[Stored data]
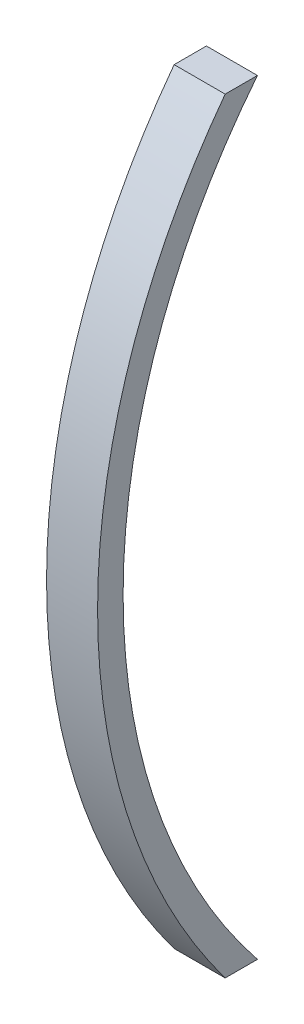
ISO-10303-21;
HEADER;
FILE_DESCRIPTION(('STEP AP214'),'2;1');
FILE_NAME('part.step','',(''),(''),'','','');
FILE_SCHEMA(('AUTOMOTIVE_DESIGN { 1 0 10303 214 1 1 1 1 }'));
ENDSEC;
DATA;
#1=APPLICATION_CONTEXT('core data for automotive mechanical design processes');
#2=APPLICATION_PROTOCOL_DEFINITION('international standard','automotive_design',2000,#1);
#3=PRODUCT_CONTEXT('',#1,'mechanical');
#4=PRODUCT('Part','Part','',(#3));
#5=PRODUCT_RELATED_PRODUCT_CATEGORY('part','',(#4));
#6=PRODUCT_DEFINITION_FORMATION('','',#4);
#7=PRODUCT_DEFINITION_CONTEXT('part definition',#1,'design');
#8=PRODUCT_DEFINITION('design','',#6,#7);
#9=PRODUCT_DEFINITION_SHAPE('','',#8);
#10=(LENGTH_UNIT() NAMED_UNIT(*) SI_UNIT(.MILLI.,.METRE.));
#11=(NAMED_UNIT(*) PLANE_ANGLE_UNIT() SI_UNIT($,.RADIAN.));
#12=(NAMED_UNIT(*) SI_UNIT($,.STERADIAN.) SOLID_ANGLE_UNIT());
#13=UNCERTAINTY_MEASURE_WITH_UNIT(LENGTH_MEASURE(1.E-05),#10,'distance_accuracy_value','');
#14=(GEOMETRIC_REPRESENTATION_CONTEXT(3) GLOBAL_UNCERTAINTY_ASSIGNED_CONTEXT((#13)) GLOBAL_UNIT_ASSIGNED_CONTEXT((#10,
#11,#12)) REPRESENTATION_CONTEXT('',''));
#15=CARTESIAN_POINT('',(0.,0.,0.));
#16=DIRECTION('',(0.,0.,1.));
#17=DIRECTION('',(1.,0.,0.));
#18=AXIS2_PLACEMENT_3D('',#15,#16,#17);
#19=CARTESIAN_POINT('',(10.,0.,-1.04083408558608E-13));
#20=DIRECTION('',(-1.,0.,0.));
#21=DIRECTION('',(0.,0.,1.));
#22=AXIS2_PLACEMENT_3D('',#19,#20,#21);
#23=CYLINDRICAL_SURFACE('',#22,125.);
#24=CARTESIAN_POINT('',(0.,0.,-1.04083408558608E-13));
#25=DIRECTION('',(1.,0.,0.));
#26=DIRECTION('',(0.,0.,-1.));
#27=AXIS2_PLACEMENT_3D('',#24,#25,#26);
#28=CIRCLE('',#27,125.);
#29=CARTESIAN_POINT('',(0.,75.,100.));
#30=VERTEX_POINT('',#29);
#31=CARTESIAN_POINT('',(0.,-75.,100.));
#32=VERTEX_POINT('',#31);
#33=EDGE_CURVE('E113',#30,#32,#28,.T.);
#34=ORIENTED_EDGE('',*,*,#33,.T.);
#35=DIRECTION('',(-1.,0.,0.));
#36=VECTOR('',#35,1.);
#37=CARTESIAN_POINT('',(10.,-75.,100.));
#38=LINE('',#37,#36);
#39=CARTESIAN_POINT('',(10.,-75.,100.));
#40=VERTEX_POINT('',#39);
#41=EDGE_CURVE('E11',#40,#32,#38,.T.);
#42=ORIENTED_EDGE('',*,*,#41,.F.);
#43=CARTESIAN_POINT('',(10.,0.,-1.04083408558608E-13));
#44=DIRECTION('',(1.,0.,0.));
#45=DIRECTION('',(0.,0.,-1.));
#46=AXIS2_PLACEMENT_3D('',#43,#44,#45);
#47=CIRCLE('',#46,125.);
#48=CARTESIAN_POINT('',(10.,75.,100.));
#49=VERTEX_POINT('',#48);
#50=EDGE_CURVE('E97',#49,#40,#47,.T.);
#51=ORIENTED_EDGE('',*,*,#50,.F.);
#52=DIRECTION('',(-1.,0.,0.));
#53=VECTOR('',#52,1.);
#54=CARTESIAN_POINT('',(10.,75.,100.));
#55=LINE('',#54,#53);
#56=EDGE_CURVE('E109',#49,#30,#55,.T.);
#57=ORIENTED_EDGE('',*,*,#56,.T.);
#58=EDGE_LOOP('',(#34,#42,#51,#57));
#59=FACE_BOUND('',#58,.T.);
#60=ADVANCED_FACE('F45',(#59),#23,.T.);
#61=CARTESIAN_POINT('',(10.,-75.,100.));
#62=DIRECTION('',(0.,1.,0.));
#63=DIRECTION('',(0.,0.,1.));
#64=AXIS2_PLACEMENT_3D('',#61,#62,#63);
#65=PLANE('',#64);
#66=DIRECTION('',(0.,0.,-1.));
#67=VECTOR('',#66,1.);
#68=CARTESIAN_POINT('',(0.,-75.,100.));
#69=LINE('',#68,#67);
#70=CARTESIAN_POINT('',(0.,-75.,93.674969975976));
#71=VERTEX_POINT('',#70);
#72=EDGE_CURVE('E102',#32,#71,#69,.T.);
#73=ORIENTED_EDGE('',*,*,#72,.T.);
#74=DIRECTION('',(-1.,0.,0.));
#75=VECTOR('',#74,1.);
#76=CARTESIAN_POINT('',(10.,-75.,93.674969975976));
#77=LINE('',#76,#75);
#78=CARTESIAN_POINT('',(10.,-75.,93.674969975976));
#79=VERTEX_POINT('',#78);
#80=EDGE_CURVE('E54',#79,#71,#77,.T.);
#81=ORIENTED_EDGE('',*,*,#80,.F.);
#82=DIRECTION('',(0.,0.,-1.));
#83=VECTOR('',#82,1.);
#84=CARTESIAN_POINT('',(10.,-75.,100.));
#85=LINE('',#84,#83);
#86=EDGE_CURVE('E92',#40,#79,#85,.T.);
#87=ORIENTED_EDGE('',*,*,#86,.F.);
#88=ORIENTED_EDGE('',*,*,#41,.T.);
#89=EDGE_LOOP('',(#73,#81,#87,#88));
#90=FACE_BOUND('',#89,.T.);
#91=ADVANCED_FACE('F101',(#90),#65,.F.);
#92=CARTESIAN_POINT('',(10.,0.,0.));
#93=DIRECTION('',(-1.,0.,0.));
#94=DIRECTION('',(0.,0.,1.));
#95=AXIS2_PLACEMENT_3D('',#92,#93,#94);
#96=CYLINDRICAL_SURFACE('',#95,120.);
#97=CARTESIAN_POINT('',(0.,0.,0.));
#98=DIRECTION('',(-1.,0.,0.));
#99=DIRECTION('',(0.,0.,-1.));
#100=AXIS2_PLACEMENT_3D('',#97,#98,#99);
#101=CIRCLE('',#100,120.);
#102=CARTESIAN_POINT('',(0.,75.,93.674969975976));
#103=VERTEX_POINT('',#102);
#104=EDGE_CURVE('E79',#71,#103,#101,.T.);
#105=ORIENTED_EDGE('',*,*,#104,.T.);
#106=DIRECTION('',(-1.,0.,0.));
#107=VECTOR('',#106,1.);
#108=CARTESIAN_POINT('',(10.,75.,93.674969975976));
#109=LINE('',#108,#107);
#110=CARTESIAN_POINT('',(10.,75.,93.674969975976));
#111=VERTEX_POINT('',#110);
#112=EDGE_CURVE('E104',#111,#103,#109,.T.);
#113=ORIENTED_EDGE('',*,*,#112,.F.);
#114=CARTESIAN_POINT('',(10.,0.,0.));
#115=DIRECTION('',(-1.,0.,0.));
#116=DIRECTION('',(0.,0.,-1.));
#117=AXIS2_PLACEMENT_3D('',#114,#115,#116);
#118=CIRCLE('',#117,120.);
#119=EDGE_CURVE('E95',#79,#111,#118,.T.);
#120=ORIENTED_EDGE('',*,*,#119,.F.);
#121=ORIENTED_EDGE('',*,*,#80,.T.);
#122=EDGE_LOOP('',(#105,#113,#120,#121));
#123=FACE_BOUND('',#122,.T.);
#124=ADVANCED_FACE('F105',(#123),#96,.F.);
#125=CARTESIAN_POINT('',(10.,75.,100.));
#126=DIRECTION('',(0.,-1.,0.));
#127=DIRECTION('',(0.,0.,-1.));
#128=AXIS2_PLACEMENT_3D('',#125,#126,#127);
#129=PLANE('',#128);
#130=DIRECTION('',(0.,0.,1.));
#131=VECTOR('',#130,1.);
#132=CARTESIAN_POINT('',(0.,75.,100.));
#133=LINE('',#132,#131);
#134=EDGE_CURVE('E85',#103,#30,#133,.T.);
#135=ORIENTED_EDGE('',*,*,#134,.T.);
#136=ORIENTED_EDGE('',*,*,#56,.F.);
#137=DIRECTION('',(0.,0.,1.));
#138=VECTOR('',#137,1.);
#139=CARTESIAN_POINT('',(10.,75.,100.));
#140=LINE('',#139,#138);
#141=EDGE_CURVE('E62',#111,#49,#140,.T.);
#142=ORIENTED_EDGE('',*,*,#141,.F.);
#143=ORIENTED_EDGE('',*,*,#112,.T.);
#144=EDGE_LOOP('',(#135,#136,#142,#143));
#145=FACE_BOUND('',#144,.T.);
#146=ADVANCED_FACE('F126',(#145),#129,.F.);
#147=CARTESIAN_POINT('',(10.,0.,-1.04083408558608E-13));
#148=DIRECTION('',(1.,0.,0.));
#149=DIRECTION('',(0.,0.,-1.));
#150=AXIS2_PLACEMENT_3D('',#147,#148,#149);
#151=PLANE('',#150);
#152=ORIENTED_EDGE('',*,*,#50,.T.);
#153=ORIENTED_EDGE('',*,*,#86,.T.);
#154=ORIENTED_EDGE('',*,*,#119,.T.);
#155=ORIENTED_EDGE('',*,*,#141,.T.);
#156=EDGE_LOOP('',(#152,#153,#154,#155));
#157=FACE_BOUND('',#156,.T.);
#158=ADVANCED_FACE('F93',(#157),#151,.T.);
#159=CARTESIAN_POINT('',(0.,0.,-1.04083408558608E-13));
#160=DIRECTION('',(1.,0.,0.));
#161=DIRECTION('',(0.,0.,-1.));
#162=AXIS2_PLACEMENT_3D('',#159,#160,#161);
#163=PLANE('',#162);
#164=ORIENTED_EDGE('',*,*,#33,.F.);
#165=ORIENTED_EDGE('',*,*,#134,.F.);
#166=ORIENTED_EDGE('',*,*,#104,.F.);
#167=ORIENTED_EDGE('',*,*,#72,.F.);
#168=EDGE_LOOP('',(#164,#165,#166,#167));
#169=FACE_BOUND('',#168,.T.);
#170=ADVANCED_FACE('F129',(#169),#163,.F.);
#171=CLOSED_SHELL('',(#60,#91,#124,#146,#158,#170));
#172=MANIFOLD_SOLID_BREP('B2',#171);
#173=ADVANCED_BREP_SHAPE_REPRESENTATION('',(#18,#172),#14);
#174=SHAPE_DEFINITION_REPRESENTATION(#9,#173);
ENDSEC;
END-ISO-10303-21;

• **Activity**: Scan the records above for the lines holding "#87=ORIENTED_EDGE('',*,*,#86,.F.);" and "#111=VERTEX_POINT('',#110);". Transcribe those two and every line between them word for word, and no others.

• **Exercise solution**:
#87=ORIENTED_EDGE('',*,*,#86,.F.);
#88=ORIENTED_EDGE('',*,*,#41,.T.);
#89=EDGE_LOOP('',(#73,#81,#87,#88));
#90=FACE_BOUND('',#89,.T.);
#91=ADVANCED_FACE('F101',(#90),#65,.F.);
#92=CARTESIAN_POINT('',(10.,0.,0.));
#93=DIRECTION('',(-1.,0.,0.));
#94=DIRECTION('',(0.,0.,1.));
#95=AXIS2_PLACEMENT_3D('',#92,#93,#94);
#96=CYLINDRICAL_SURFACE('',#95,120.);
#97=CARTESIAN_POINT('',(0.,0.,0.));
#98=DIRECTION('',(-1.,0.,0.));
#99=DIRECTION('',(0.,0.,-1.));
#100=AXIS2_PLACEMENT_3D('',#97,#98,#99);
#101=CIRCLE('',#100,120.);
#102=CARTESIAN_POINT('',(0.,75.,93.674969975976));
#103=VERTEX_POINT('',#102);
#104=EDGE_CURVE('E79',#71,#103,#101,.T.);
#105=ORIENTED_EDGE('',*,*,#104,.T.);
#106=DIRECTION('',(-1.,0.,0.));
#107=VECTOR('',#106,1.);
#108=CARTESIAN_POINT('',(10.,75.,93.674969975976));
#109=LINE('',#108,#107);
#110=CARTESIAN_POINT('',(10.,75.,93.674969975976));
#111=VERTEX_POINT('',#110);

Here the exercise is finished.